Mucinous bronchoalveolar carcinoma
Invasive mucinous adenocarcinoma of the lung is a subtype of invasive adenocarcinoma of the lung formerly known as mucinous bronchoalveolar carcinoma (BAC). They are more likely to be multicentric and tend to have a worse prognosis than non-mucinous types.
Terminology
In 2011, the International Association for the Study of Lung Cancer (IASLC), American Thoracic Society (ATS), and European Respiratory Society (ERS) introduced a new classification and terminology for adenocarcinoma of the lung. The term bronchoalveolar carcinoma (BAC) has been extinct and, invasive mucinous adenocarcinoma of the lung now replaces the tumors previously known as mucinous bronchoalveolar carcinoma (BAC).
Pathology
Location
Mucinous carcinomas are commonly multicentric, multilobar, and may show bilateral lung involvement . These patterns may indicate aerogenous spread .
Microscopic appearance
Mucinous carcinomas originate from columnar mucus-containing cells (cf. non-mucinous tumors which arise from club cells (Clara cells) or type 2 pneumocytes), showing a goblet or columnar cell morphology with abundant intracytoplasmic mucin . The alveoli are usually filled with mucin .

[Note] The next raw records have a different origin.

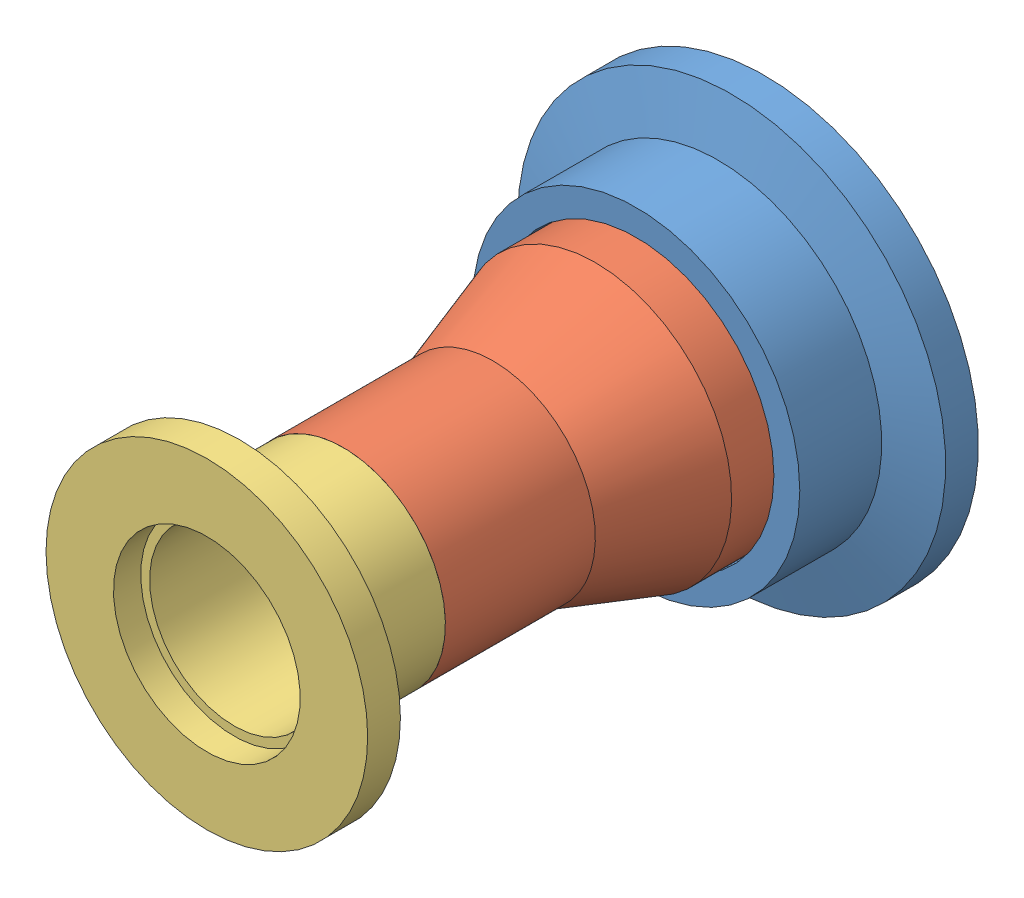
SolidWorks assembly 732006, configuration Default. Lengths in mm.
Overall size (42.3 42.3 51.94).
3 component instances, 3 part files, 4 mates.
Components (placement in the parent):
- 713002-1: 713002 [Default] at (24.3585 19.1756 19.567) size (39.88 39.88 11.94)
- 402500-1: 402500 [Default] at (24.3585 19.1756 23.885) x (-0.76579 0.64309 0) z (0 0 1) size (25.4 25.4 34.92)
- 715101-1: 715101 [Default] at (24.3585 19.1756 71.51) x (-0.749681 0.661799 0) z (0 0 -1) size (29.97 29.97 12.7)
Mates (geometry in assembly coordinates):
- Concentric1: concentric aligned: cylinder of 713002-1 through (24.3585 19.1756 19.567) axis (0 0 -1) radius 12.827; cylinder of 402500-1 through (24.3585 19.1756 23.885) axis (0 0 -1) radius 12.7
- Concentric2: concentric aligned: cylinder of 713002-1 through (24.3585 19.1756 19.567) axis (0 0 -1) radius 12.827; cylinder of 402500-1 through (24.3585 19.1756 23.885) axis (0 0 -1) radius 11.049
- Coincident2: coincident anti-aligned: plane of 713002-1 through (24.3585 19.1756 23.885) normal (0 0 1); plane of 402500-1 through (15.8973 26.2811 23.885) normal (0 0 -1)
- Coincident3: coincident anti-aligned: circle of 402500-1; circle of 715101-1

Although also consisting of a mixture of histologic patterns, e.g. lepidic, acinar, papillary, micropapillary, and solid growth, as we observe in the nonmucinous invasive tumors, there is no recommendation to subcategorise the invasive mucinous adenocarcinomas, as its clinical relevance is still uncertain .
Genetics
- KRAS mutation: strongly present (~76%)
- EGFR mutation: almost always absent (~3%)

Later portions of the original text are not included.